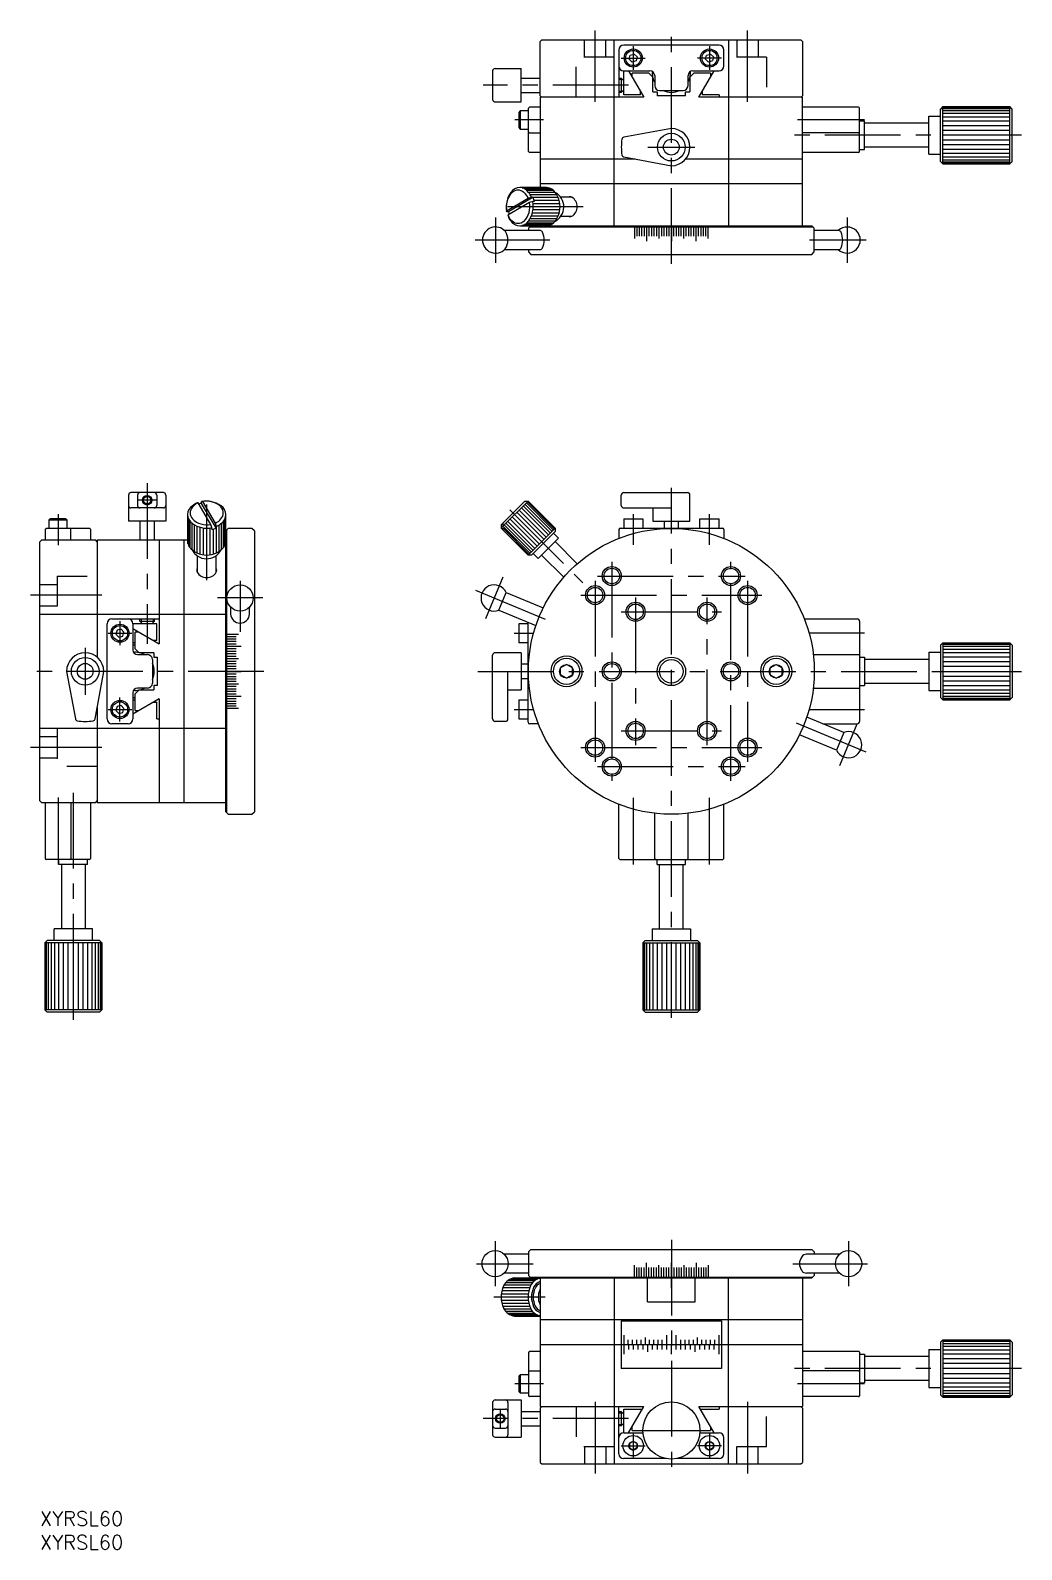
# Model space of a CAD drawing. Extents: x -2 to 464, y -8 to 311.
# Drawn here: x -2 to 206, y -8 to 310.8 of the extents above; entities that cross this region are included whole.
import ezdxf

# ---------------------------------------------------------------- set-up
doc = ezdxf.new("R2010")
doc.units = 0
doc.header["$LTSCALE"] = 0.5
doc.linetypes.add('CENTER', pattern=[50.8, 31.75, -6.35, 6.35, -6.35])
doc.linetypes.add('DASHED', pattern=[19.05, 12.7, -6.35])
for name, color, linetype in [('MSM_CENTER', 1, 'CENTER'), ('MSM_CONTINUOUS', 7, 'CONTINUOUS'), ('MSM_DASHED', 4, 'DASHED'), ('MSM_NARROW', 5, 'CONTINUOUS'), ('MSM_PART_NUMBER', 7, 'CONTINUOUS')]:
    doc.layers.add(name, color=color, linetype=linetype)
doc.styles.get("Standard").update_dxf_attribs({"font": 'txt.shx', "height": 3, "bigfont": 'bigfont.shx'})

# ---------------------------------------------------------------- blocks, each defined once
blk = doc.blocks.new('*U2')
at = {"layer": 'MSM_PART_NUMBER'}
blk.add_text('XYRSL60', height=3, dxfattribs=at).set_placement((0, -3))
blk = doc.blocks.new('*U3')
at = {"layer": 'MSM_PART_NUMBER'}
blk.add_text('XYRSL60', height=3, dxfattribs=at).set_placement((0, -8))

msp = doc.modelspace()

# ---------------------------------------------------------------- linework, layer by layer
at = {"layer": 'MSM_CENTER'}
for p, q in [((116.5, 295.8), (116.5, 310.8)), ((132.5, 261.8), (132.5, 310.8)), ((148.5, 295.8), (148.5, 310.8)), ((124.5, 307.5), (124.5, 302.5)), ((140.5, 307.5), (140.5, 302.5)), ((122, 305), (127, 305)), ((143, 305), (138, 305)), ((123.5, 299.3), (93, 299.3)), ((105.69, 292), (99.69, 292)), ((173, 292), (159, 292)), ((206, 288.8), (158, 288.8)), ((127.6, 286.3), (137.4, 286.3)), ((95.61, 271.55), (95.61, 262.05)), ((114.01, 273.8), (96.58, 273.8)), ((169.4, 271.55), (169.4, 262.05)), ((106.98, 266.8), (91.31, 266.8)), ((173.38, 266.8), (161.5, 266.8)), ((22.5, 215.8), (22.5, 182.09)), ((132.5, 103.6), (132.5, 214.8)), ((24.47, 212.2), (20.47, 212.2)), ((35, 195.46), (35, 213.28)), ((3.8, 209.27), (3.8, 202.8)), ((98.64, 210.16), (113.93, 194.87)), ((124.5, 209.3), (124.5, 202.83)), ((140.5, 202.83), (140.5, 209.3)), ((120, 199.3), (120, 153.3)), ((145, 153.3), (145, 199.3)), ((42, 195.27), (42, 184.57)), ((97.13, 196.09), (93.5, 187.31)), ((116.5, 195.3), (116.5, 157.3)), ((117, 196.3), (148, 196.3)), ((148.5, 195.3), (148.5, 157.3)), ((13, 192.3), (-2, 192.3)), ((46.75, 191.7), (37.25, 191.7)), ((91.38, 193.33), (106.93, 186.89)), ((113.5, 192.3), (151.5, 192.3)), ((125, 191.8), (125, 160.8)), ((140, 160.8), (140, 191.8)), ((122, 188.8), (143, 188.8)), ((16.8, 186.8), (16.8, 181.8)), ((14.3, 184.3), (19.3, 184.3)), ((99.5, 184.3), (103.5, 184.3)), ((173, 184.3), (161.5, 184.3)), ((9.5, 181.2), (9.5, 171.4)), ((47, 176.3), (-2, 176.3)), ((91.92, 176.3), (206, 176.3)), ((16.8, 165.8), (16.8, 170.8)), ((14.3, 168.3), (19.3, 168.3)), ((99.5, 168.3), (103.5, 168.3)), ((161.5, 168.3), (173, 168.3)), ((122, 163.8), (143, 163.8)), ((158.67, 165.46), (173.62, 159.27)), ((167.87, 156.51), (171.5, 165.29)), ((13, 160.3), (-2, 160.3)), ((113.5, 160.3), (151.5, 160.3)), ((117, 156.3), (148, 156.3)), ((7, 150.8), (7, 102.8)), ((3.8, 149.8), (3.8, 135.8)), ((124.5, 149.77), (124.5, 135.8)), ((140.5, 135.8), (140.5, 149.77)), ((95.52, 56.75), (95.52, 47.25)), ((132.5, 57), (132.5, 8)), ((169.69, 56.75), (169.69, 47.25)), ((91.62, 52), (103.5, 52)), ((158.02, 52), (173.69, 52)), ((106, 45), (95.24, 45)), ((206, 30), (158, 30)), ((105.69, 26.8), (99.69, 26.8)), ((173, 26.8), (159, 26.8)), ((116.5, 23), (116.5, 8)), ((148.5, 23), (148.5, 8)), ((123.5, 19.5), (93, 19.5)), ((96.6, 21.47), (96.6, 17.47)), ((124.5, 16.3), (124.5, 11.3)), ((125.5, 17), (139.75, 17)), ((140.5, 16.3), (140.5, 11.3)), ((122, 13.8), (127, 13.8)), ((143, 13.8), (138, 13.8))]:
    msp.add_line(p, q, dxfattribs=at)
at = {"layer": 'MSM_CONTINUOUS'}
for p, q in [((105.3, 308.8), (105, 308.5)), ((105, 297.1), (105, 308.5)), ((105.3, 308.8), (159.7, 308.8)), ((120.51, 269.8), (120.51, 308.8)), ((121.5, 306.7), (121.5, 296.8)), ((142.5, 307.7), (122.5, 307.7)), ((143.5, 303.3), (143.5, 306.7)), ((144.49, 308.8), (144.49, 269.8)), ((159.7, 308.8), (160, 308.5)), ((160, 308.5), (160, 297.1)), ((123.66, 304.78), (123.89, 305.62)), ((124.27, 304.16), (123.66, 304.78)), ((123.89, 305.62), (124.73, 305.84)), ((125.11, 304.38), (124.27, 304.16)), ((124.73, 305.84), (125.34, 305.22)), ((125.34, 305.22), (125.11, 304.38)), ((139.66, 304.78), (139.89, 305.62)), ((140.27, 304.16), (139.66, 304.78)), ((139.89, 305.62), (140.73, 305.84)), ((141.11, 304.38), (140.27, 304.16)), ((140.73, 305.84), (141.34, 305.22)), ((141.34, 305.22), (141.11, 304.38)), ((95, 302.3), (95, 296.3)), ((95.5, 302.8), (101, 302.8)), ((101, 295.8), (101, 302.8)), ((101, 300.8), (105, 300.8)), ((121.5, 300.8), (122, 300.8)), ((122, 300.8), (122.5, 300.3)), ((122, 300.8), (122, 297.8)), ((122.5, 302.3), (128, 302.3)), ((122.5, 297.3), (122.5, 302.3)), ((123.54, 302.3), (126.72, 296.8)), ((127.8, 301.8), (124.25, 301.8)), ((124.25, 301.07), (124.25, 301.8)), ((127.8, 301.8), (128.6, 301)), ((128.6, 297.9), (128.6, 301)), ((129, 301.3), (129, 299.2)), ((136, 299.2), (136, 301.3)), ((136.4, 301), (137.2, 301.8)), ((136.4, 301), (136.4, 297.9)), ((137, 302.3), (142.5, 302.3)), ((140.75, 301.8), (137.2, 301.8)), ((138.29, 296.8), (141.46, 302.3)), ((140.75, 301.8), (140.75, 301.07)), ((101, 297.8), (105, 297.8)), ((105, 297.1), (105.3, 296.8)), ((126.72, 296.8), (105, 296.8)), ((105, 296.8), (105, 277.8)), ((122, 297.8), (121.5, 297.8)), ((122.5, 298.3), (122, 297.8)), ((126, 297.3), (122.5, 297.3)), ((126, 297.3), (126, 298.04)), ((128.6, 297.9), (129.5, 297.9)), ((129.5, 297.9), (129.5, 297.1)), ((129.64, 297.1), (129.5, 297.19)), ((135.5, 297.1), (129.5, 297.1)), ((130, 298.2), (135, 298.2)), ((135.5, 297.19), (135.36, 297.1)), ((135.5, 297.9), (136.4, 297.9)), ((135.5, 297.1), (135.5, 297.9)), ((160, 296.8), (138.29, 296.8)), ((139, 298.04), (139, 297.3)), ((142.5, 297.3), (139, 297.3)), ((142.5, 297.3), (142.5, 296.8)), ((159.7, 296.8), (160, 297.1)), ((160, 269.8), (160, 296.8)), ((95.5, 295.8), (101, 295.8)), ((100.8, 293.9), (100.5, 293.6)), ((100.5, 293.6), (100.5, 290.4)), ((102.5, 293.9), (100.8, 293.9)), ((100.8, 293.9), (100.8, 290.1)), ((102.5, 294.5), (102.7, 294.7)), ((102.5, 285.4), (102.5, 294.5)), ((105, 294.7), (102.7, 294.7)), ((171.8, 294.7), (160, 294.7)), ((172, 285.4), (172, 294.5)), ((189.5, 294.8), (189, 294.3)), ((189, 283.3), (189, 294.3)), ((189.5, 282.8), (189.5, 294.8)), ((189.5, 294.8), (203.5, 294.8)), ((204, 294.3), (203.5, 294.8)), ((203.5, 282.8), (203.5, 294.8)), ((204, 283.3), (204, 294.3)), ((100.5, 290.4), (100.8, 290.1)), ((132.5, 290.2), (122.53, 288.36)), ((172, 291.8), (173, 291.8)), ((173, 285.8), (173, 291.8)), ((186.5, 291.3), (173, 291.3)), ((186.5, 292.8), (189, 292.8)), ((186.5, 284.8), (186.5, 292.8)), ((100.8, 290.1), (102.5, 290.1)), ((102.5, 289.5), (102.7, 289.3)), ((102.7, 289.3), (105, 289.3)), ((171.8, 289.3), (160, 289.3)), ((102.5, 285.4), (102.7, 285.2)), ((105, 285.2), (102.7, 285.2)), ((124.9, 283.8), (105, 283.8)), ((122.53, 284.24), (132.5, 282.4)), ((160, 283.8), (135.49, 283.8)), ((171.8, 285.2), (160, 285.2)), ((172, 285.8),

▸ **Assignment**
For this exercise, gather every line of the data that contains the word "color".

▸ **Answer box**
for name, color, linetype in [('MSM_CENTER', 1, 'CENTER'), ('MSM_CONTINUOUS', 7, 'CONTINUOUS'), ('MSM_DASHED', 4, 'DASHED'), ('MSM_NARROW', 5, 'CONTINUOUS'), ('MSM_PART_NUMBER', 7, 'CONTINUOUS')]:
    doc.layers.add(name, color=color, linetype=linetype)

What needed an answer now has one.